In many SQL error messages, SQL Server does not mention column name. But in messages such as the one shown below, the error message does include the column name.
Question: How can we extract the column name from the following error message?
When inserting data into a row in SQL Server table, you get following error number 515
if you are not using a NOT NULL column name in the insert statement:
Msg 515:
Cannot insert the value NULL into column 'LastName', table 'CustomerDB.dbo.CustomerTable'; column does not allow nulls.

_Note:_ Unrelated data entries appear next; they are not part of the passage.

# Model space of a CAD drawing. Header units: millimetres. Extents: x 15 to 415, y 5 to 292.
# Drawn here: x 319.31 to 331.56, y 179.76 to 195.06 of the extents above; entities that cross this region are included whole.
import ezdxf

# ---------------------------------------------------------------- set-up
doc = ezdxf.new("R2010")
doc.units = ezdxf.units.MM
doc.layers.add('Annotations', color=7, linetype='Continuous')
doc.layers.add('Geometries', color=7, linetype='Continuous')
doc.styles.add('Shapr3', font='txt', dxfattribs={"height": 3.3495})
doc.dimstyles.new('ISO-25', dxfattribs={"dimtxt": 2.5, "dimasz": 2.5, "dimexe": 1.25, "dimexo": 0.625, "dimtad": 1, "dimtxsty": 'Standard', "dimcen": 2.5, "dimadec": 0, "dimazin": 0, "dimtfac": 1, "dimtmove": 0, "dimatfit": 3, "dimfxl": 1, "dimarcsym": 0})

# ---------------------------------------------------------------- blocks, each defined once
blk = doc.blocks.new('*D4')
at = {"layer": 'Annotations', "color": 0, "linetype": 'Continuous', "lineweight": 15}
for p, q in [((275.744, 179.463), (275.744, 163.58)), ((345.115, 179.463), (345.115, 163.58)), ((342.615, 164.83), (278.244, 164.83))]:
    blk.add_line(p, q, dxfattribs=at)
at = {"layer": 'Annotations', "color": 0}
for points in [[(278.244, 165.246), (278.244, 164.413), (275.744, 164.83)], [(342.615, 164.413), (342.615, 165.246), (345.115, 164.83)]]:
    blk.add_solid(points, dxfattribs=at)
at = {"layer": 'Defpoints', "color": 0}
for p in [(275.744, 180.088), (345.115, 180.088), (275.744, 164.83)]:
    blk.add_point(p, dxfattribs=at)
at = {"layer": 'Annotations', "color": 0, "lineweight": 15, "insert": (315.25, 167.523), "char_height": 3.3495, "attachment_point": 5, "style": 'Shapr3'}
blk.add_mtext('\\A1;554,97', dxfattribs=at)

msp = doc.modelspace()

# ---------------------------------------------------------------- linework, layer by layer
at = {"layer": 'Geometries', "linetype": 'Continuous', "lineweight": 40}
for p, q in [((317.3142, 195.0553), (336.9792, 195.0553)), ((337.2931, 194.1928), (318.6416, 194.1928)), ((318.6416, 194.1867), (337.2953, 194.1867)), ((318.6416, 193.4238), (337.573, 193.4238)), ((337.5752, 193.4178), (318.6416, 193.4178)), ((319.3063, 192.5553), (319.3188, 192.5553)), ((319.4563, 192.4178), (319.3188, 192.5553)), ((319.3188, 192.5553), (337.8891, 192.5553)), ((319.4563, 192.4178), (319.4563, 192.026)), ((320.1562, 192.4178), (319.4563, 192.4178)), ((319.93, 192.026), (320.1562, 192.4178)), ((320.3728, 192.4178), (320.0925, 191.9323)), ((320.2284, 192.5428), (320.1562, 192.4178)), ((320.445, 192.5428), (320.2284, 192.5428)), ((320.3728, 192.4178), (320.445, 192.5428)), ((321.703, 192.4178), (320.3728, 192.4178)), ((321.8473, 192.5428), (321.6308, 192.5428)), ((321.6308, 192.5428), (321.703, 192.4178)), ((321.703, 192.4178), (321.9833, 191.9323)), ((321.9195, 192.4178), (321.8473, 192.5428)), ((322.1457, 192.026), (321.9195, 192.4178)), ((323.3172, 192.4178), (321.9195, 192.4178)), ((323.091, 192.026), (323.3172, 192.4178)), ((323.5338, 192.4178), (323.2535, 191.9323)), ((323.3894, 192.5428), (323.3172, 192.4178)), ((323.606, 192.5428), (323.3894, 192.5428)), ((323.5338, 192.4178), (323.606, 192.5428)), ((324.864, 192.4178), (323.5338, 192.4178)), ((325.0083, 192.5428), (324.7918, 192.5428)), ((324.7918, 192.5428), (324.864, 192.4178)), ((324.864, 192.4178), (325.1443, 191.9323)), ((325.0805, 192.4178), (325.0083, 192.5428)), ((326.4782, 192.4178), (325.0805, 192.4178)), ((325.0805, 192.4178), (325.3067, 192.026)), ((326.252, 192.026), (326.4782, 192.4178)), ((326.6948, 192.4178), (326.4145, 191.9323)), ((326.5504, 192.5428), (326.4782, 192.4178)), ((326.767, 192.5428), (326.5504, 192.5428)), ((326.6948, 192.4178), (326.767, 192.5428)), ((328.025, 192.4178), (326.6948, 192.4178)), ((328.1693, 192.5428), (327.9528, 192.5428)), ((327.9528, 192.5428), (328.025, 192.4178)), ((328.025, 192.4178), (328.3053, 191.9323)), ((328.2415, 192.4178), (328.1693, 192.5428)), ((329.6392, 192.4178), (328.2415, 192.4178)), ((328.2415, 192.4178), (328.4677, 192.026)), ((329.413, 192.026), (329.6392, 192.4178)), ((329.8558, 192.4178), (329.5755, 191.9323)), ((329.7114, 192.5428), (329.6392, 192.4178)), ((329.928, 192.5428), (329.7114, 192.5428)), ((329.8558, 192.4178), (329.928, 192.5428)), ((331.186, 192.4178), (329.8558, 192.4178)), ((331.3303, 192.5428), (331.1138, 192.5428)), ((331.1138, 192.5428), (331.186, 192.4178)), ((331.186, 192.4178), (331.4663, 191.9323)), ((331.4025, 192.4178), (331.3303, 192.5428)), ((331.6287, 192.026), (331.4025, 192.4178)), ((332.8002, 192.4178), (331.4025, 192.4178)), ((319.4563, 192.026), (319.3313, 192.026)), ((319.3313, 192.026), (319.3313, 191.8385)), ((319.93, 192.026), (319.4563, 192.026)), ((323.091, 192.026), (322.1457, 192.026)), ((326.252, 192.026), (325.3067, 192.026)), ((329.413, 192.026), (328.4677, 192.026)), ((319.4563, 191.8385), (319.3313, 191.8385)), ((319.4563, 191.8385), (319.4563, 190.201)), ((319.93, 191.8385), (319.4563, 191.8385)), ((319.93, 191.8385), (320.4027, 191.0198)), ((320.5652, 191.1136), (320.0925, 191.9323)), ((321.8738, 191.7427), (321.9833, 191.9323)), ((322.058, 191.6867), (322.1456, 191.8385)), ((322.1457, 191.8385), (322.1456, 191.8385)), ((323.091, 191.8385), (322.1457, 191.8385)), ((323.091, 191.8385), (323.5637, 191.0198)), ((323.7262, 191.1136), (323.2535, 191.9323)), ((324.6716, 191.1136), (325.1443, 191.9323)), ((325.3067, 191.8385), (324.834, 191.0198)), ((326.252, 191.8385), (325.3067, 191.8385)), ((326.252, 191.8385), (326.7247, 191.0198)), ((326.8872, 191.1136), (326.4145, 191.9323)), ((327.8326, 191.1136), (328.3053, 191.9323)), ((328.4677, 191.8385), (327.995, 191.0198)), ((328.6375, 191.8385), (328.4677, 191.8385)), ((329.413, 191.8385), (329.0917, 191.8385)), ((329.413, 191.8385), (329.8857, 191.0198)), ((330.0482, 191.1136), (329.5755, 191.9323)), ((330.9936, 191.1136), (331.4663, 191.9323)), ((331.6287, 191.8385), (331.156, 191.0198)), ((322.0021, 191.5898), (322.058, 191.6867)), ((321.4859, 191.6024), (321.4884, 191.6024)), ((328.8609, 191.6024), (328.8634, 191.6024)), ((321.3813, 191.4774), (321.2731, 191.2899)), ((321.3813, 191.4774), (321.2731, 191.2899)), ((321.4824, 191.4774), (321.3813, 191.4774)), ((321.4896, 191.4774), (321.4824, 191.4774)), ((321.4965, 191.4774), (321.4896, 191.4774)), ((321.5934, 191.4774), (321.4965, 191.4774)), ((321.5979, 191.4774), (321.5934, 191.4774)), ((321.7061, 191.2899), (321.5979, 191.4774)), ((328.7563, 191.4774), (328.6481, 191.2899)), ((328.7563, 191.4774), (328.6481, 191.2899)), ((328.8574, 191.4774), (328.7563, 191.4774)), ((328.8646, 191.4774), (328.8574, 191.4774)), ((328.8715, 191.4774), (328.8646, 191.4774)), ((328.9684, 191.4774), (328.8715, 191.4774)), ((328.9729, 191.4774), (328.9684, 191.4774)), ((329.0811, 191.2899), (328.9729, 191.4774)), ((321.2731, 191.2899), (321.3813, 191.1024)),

INSERT fails.
Goal: To log the above error in a log table as: LastName is required
the Log table has Primary Key column and an Error Description column. The requirement is to make the Error description brief, user friendly, and more focused for a non-technical person.
This needs to be parsed out of the error text.
This may or may not be localised to the language of the logged in user depending on platform (Azure SQL database doesn't bother with this)
You can review the versions of this message available with
SELECT text,
l.name as language
FROM sys.messages m
JOIN sys.syslanguages l ON l.msglangid = m.language_id
WHERE m.message_id = 515
to see the message text around the place holders in each language.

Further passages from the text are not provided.